The African Queen is one of those rare movies that improves upon the book. It has a much more satisfying denouement than the 1940 edition of C. S. Forester’s novel, even if it does perpetuate the pleasant myth that ship captains have the authority to solemnize marriages. But this is meant to be fictional entertainment, not a historical documentary.

It’s a complex narrative, told through three tightly plaited story lines. First, and most importantly, it’s a war story, set in German East Africa at the start of the First World War. Next, it’s an adventure that keeps you on the edge of your seat, no matter how often you’ve seen it. Lastly, it’s a love story, of the “unlikely romance” genre that’s built on a deeper development of character which implies that this is a meaningful relationship that will last.

The screenplay has such engaging, fast-paced writing that one forgets that without the war story line, there would be no plausible rationale for the adventure or the romance. Furthermore, the war story is built around the declared mission of a woman, Rose Sayer (who, until her brother’s untimely death, served as his missionary companion): to commit an act of war against a vessel of the Imperial German Navy. No such event occurred during the war, but the viewer comes away from the film feeling that it could have happened.

World War I in East Africa, map by Mehmet Berker

 

The novel delves into a little more character psychology than one would expect for so short a book (I re-read it in about 8 hours), and it presents a lot more back-story than feels necessary: it’s as if the author felt a need to justify why Rose “goes native,” so to speak, in her relationship with Charlie Allnutt.

Given the times and her upbringing, we cannot doubt that after her grand adventure, Rose would happily settle down in a cottage surrounded with hollyhocks, there to bear Charlie’s children and make blancmanges for the rest of her life. But we can also tell that without her, Charlie the drifter would have been happy to keep a low profile and float out the war in the backwaters of Africa. Rose makes a hero out of Charlie, not on the flimsy premise that he “rescued“ her from the hazards of a war-torn African colony, but by inspiring him to buck up and brave the leech-infested waters of the river, to help her achieve her grand design.

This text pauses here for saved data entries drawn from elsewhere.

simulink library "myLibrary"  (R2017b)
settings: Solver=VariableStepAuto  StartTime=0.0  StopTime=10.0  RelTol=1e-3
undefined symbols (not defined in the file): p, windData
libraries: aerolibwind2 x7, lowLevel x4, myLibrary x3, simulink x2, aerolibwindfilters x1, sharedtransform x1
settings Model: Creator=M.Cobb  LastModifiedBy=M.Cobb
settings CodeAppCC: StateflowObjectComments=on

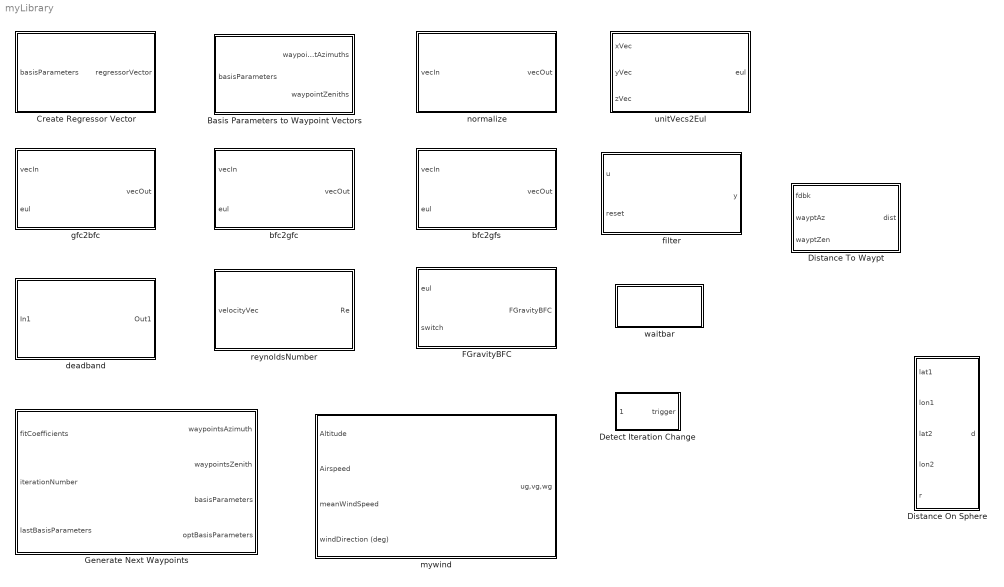
== system myLibrary ==
  Basis Parameters to Waypoint Vectors : Subsystem
  Create Regressor Vector : Subsystem
  Detect Iteration Change : Subsystem
  Distance On Sphere : Subsystem
  Distance To Waypt : Subsystem
  FGravityBFC : Subsystem
  Generate Next Waypoints : Subsystem
  bfc2gfc : Subsystem
  bfc2gfs : Subsystem
  deadband : Subsystem
  filter : Subsystem
  gfc2bfc : Subsystem
  mywind : Subsystem  mask(Wind Turbulence Model){units=Metric (MKS), spec=MIL-F-8785C, model=Continuous Von Karman (+q +r), Wdeg=0, TurbProb=10^-2 - Light, L_high=762, Wingspan=p.wingSpan, ts=p.Ts, Seed=[23341 23342 23343 23344], T_on=on}
      mask prompts: units "aeroblks:aeroblkwind:blockWindTurbulenceModelParamUnits"; spec "aeroblks:aeroblkwind:blockWindTurbulenceModelParamSpecification"; model "aeroblks:aeroblkwind:blockWindTurbulenceModelParamModeltype"; Wdeg "Wind direction at 6 m (degrees clockwise from north):"; TurbProb "aeroblks:aeroblkwind:blockWindTurbulenceModelParamProbabilityofexceedanceofhighaltitudeintensity"; L_high "Scale length at medium/high altitudes (m):"; Wingspan "Wingspan (m):"; ts "Band limited noise sample time (sec):"; Seed "Band limited noise sample time (sec):"; T_on "aeroblks:aeroblkwind:blockWindTurbulenceModelParamTurbulenceon"
      mask help: aeroblks:aeroblkwind:blockWindTurbulenceModelDesc
      mask init:
      | % index = strfind(model,' ');
      | % disp1 = model(1:index(1)-1);
      | % disp2 = model(index(1)+1:index(end-1)-1);
      | % disp3 = model(index(end-1)+1:end);
      | % 
      | h_vec = [.5 1.75 3.75 7.5 15 25 35 45 55 65 75 80]*1000;% feet
      | sigma_vec(1,:) = [3.2 2.2 1.5 zeros(1,9)]; % ft/sec
      | sigma_vec(2,:) = [4.2 3.6 3.3 1.6 zeros(1,8)];
      | sigma_vec(3,:) = [6.6 6.9 7.4 6.7 4.6 2.7 0.4 zeros(1,5)];
      | sigma_vec(4,:) = [8.6 9.6 10.6 10.1 8.0 6.6 5.0 4.2 2.7 zeros(1,3)];
      | sigma_vec(5,:) = [11.8 13.0 16.0 15.1 11.6 9.7 8.1 8.2 7.9 4.9 3.2 2.1];
      | sigma_vec(6,:) = [15.6 17.6 23.0 23.6 22.1 20.0 16.0 15.1 12.1 7.9 6.2 5.1];
      | sigma_vec(7,:) = [18.7 21.5 28.4 30.2 30.7 31.0 25.2 23.1 17.5 10.7 8.4 7.2];
      | max_height_low = 1000;
      | if strcmp(spec,'MIL-F-8785C')
      |     min_height_high = 2000;
      | else
      | 	min_height_high = 1750;
      | end
      | % [ports] = aeroicon('aeroblkwindturb2','icon');
      | % 
      | % dt=ts;
      mask Help: eval('asbhelp(''Von Karman Wind Turbulence Model (Continuous)'')');
      mask TypeOptions units: aeroblks:aeroblkwind:blockWindTurbulenceModelParamComboMetricMKS | aeroblks:aeroblkwind:blockWindTurbulenceModelParamComboEnglishVelocityinfts | aeroblks:aeroblkwind:blockWindTurbulenceModelParamComboEnglishVelocityinkts
      mask TypeOptions spec: aeroblks:aeroblkwind:blockWindTurbulenceModelParamComboMILF8785C | aeroblks:aeroblkwind:blockWindTurbulenceModelParamComboMILHDBK1797 | aeroblks:aeroblkwind:blockWindTurbulenceModelParamComboMILHDBK1797B
      mask TypeOptions model: aeroblks:aeroblkwind:blockWindTurbulenceModelParamComboContinuousVonKarmanqr1 | aeroblks:aeroblkwind:blockWindTurbulenceModelParamComboContinuousVonKarmanqr2 | aeroblks:aeroblkwind:blockWindTurbulenceModelParamComboContinuousVonKarmanqr3 | aeroblks:aeroblkwind:blockWindTurbulenceModelParamComboContinuousDrydenqr1 | aeroblks:aeroblkwind:blockWindTurbulenceModelParamComboContinuousDrydenqr2 | aeroblks:aeroblkwind:blockWindTurbulenceModelParamComboContinuousDrydenqr3 | aeroblks:aeroblkwind:blockWindTurbulenceModelParamComboDiscreteDrydenqr1 | aeroblks:aeroblkwind:blockWindTurbulenceModelParamComboDiscreteDrydenqr2 | aeroblks:aeroblkwind:blockWindTurbulenceModelParamComboDiscreteDrydenqr3
      mask Callback model: aeroicon('aeroblkwindturb2');
      mask TypeOptions TurbProb: aeroblks:aeroblkwind:blockWindTurbulenceModelParamCombo2x101 | aeroblks:aeroblkwind:blockWindTurbulenceModelParamCombo101 | aeroblks:aeroblkwind:blockWindTurbulenceModelParamCombo102Light | aeroblks:aeroblkwind:blockWindTurbulenceModelParamCombo103Moderate | aeroblks:aeroblkwind:blockWindTurbulenceModelParamCombo104 | aeroblks:aeroblkwind:blockWindTurbulenceModelParamCombo105Severe | aeroblks:aeroblkwind:blockWindTurbulenceModelParamCombo106
      mask Display:
      | port_label('output',1,'vWind','texmode','on');
      | port_label('input',1,'altitude (m)','texmode','on');
      | port_label('input',2,'airspeed (m/s)','texmode','on');
      | port_label('input',3,'meanWindSpeed (m/s)','texmode','on');
      | port_label('input',4,'wind direction (deg)','texmode','on');
      | % port_label(ports(5).type,ports(5).port,ports(5).txt,'texmode','on');
      | % [x y highstr lowstr maxy miny] = aeroimage('wind',gcbh,[disp2 '\n' disp3],disp1);
      | % plot(x,y)
      | % text(0.5,miny-0.05,lowstr,'HorizontalAlignment','center','verticalalignment','top')
      | % text(0.5,maxy,highstr,'HorizontalAlignment','center','verticalalignment','bottom')
  normalize : Subsystem
  reynoldsNumber : Subsystem
  unitVecs2Eul : Subsystem
  waitbar : Subsystem

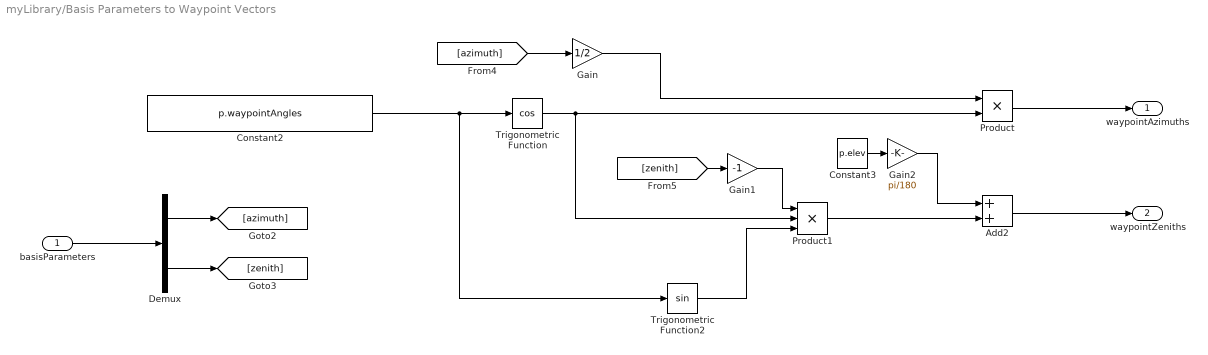
== system myLibrary/Basis Parameters to Waypoint Vectors ==
  basisParameters : Inport
  Add2 : Sum
  Constant2 : Constant  Value=p.waypointAngles  SampleTime=-1
  Constant3 : Constant  Value=p.elev
  Demux : Demux  Outputs=2
  Gain : Gain  Gain=1/2
  Gain1 : Gain  Gain=-1
  Gain2 : Gain  Gain=pi/180
  Product : Product
  Product1 : Product  Inputs=3
  Trigonometric Function : Trigonometry  Operator=cos
  Trigonometric Function2 : Trigonometry
  waypointAzimuths : Outport
  waypointZeniths : Outport  Port=2
  wires:
  Gain/1 -> Product/1
  Product1/1 -> Add2/2
  Trigonometric Function2/1 -> Product1/3
  [azimuth] -> Gain/1
  Constant2/1 -> Trigonometric Function2/1, Trigonometric Function/1
  basisParameters/1 -> Demux/1
  Demux/1 -> [azimuth]
  [zenith] -> Gain1/1
  Gain1/1 -> Product1/1
  Demux/2 -> [zenith]
  Trigonometric Function/1 -> Product1/2, Product/2
  Constant3/1 -> Gain2/1
  Product/1 -> waypointAzimuths/1
  Add2/1 -> waypointZeniths/1
  Gain2/1 -> Add2/1

== system myLibrary/Create Regressor Vector ==
  basisParameters : Inport  PortDimensions=2
  Constant2 : Constant
  Demux : Demux  Outputs=2
  Mux : Mux  Inputs=5
  Product : Product
  Product1 : Product
  regressorVector : Outport  PortDimensions=5
  wires:
  Demux/2 -> Product/2, Product/1, Mux/4
  Demux/1 -> Product1/2, Product1/1, Mux/2
  Mux/1 -> regressorVector/1
  Product/1 -> Mux/5
  Constant2/1 -> Mux/1
  Product1/1 -> Mux/3
  basisParameters/1 -> Demux/1

== system myLibrary/Detect Iteration Change ==
  wyptIdx : Inport
  Add1 : Sum  Inputs=+-
  Compare To Constant : simulink/Logic and Bit Operations/Compare To Constant  relop===  const=-p.num  OutDataTypeStr=boolean
  Delay1 : Delay  DelayLength=1  InitialCondition=0
  trigger : Outport
  wires:
  Add1/1 -> Compare To Constant/1
  wyptIdx/1 -> Delay1/1, Add1/1
  Compare To Constant/1 -> trigger/1
  Delay1/1 -> Add1/2

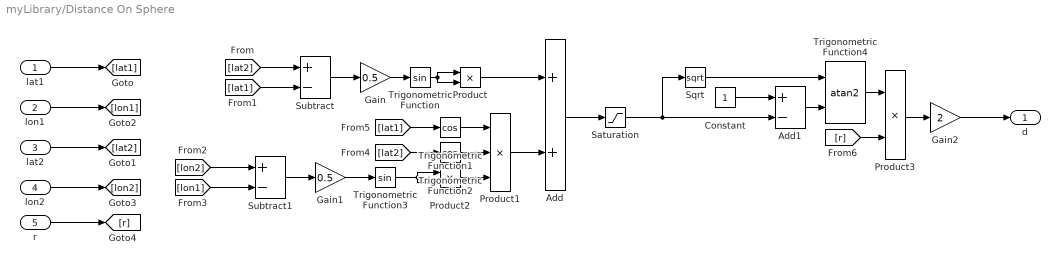
== system myLibrary/Distance On Sphere ==
  lat1 : Inport
  lon1 : Inport  Port=2
  lat2 : Inport  Port=3
  lon2 : Inport  Port=4
  r : Inport  Port=5
  Add : Sum
  Add1 : Sum  Inputs=+-
  Constant : Constant
  Gain : Gain  Gain=0.5
  Gain1 : Gain  Gain=0.5
  Gain2 : Gain  Gain=2
  Product : Product
  Product1 : Product  Inputs=3
  Product2 : Product
  Product3 : Product
  Saturation : Saturate  UpperLimit=1  LowerLimit=0
  Sqrt : Sqrt  SaturateOnIntegerOverflow=on
  Subtract : Sum  Inputs=+-
  Subtract1 : Sum  Inputs=+-
  Trigonometric Function : Trigonometry
  Trigonometric Function1 : Trigonometry  Operator=cos
  Trigonometric Function2 : Trigonometry  Operator=cos
  Trigonometric Function3 : Trigonometry
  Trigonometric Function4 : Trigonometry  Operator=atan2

The African Queen thus becomes a tribute to the hundreds of thousands of women of Rose’s generation who served and inspired in wartime roles of amazing diversity: from traditional sock-knitting and bandage-rolling, and becoming nurses or voluntary aides, to munition workers, ambulance drivers, and innovative lifesavers, such as Madame Marie Curie with her mobile x-ray units, which she personally outfitted and personally delivered to hospitals and casualty clearing stations near the Western Front, and who trained doctors in their use.

Apparently the book’s first publisher didn’t like the way the story ended, and prevailed upon Forester to permit it to be changed, but he changed it back to the way he’d originally written it in the 1940 edition. Normally I don’t think much of publishers who want to become co-writers, and because I haven’t read the first edition, I don’t know exactly how the end differed (other than by the removal of the last two chapters), but in the case of The African Queen, I agree with the first publisher’s decision: Forester’s choice of ending is lame.

Read the book by C. S. Forester, or not, as you like. But be sure to dial up the movie, or dig out your copy of it, and enjoy it for everything it can mean to you, in your understanding of the wars of history and your approach to the battles you face in your own life. Highly recommended.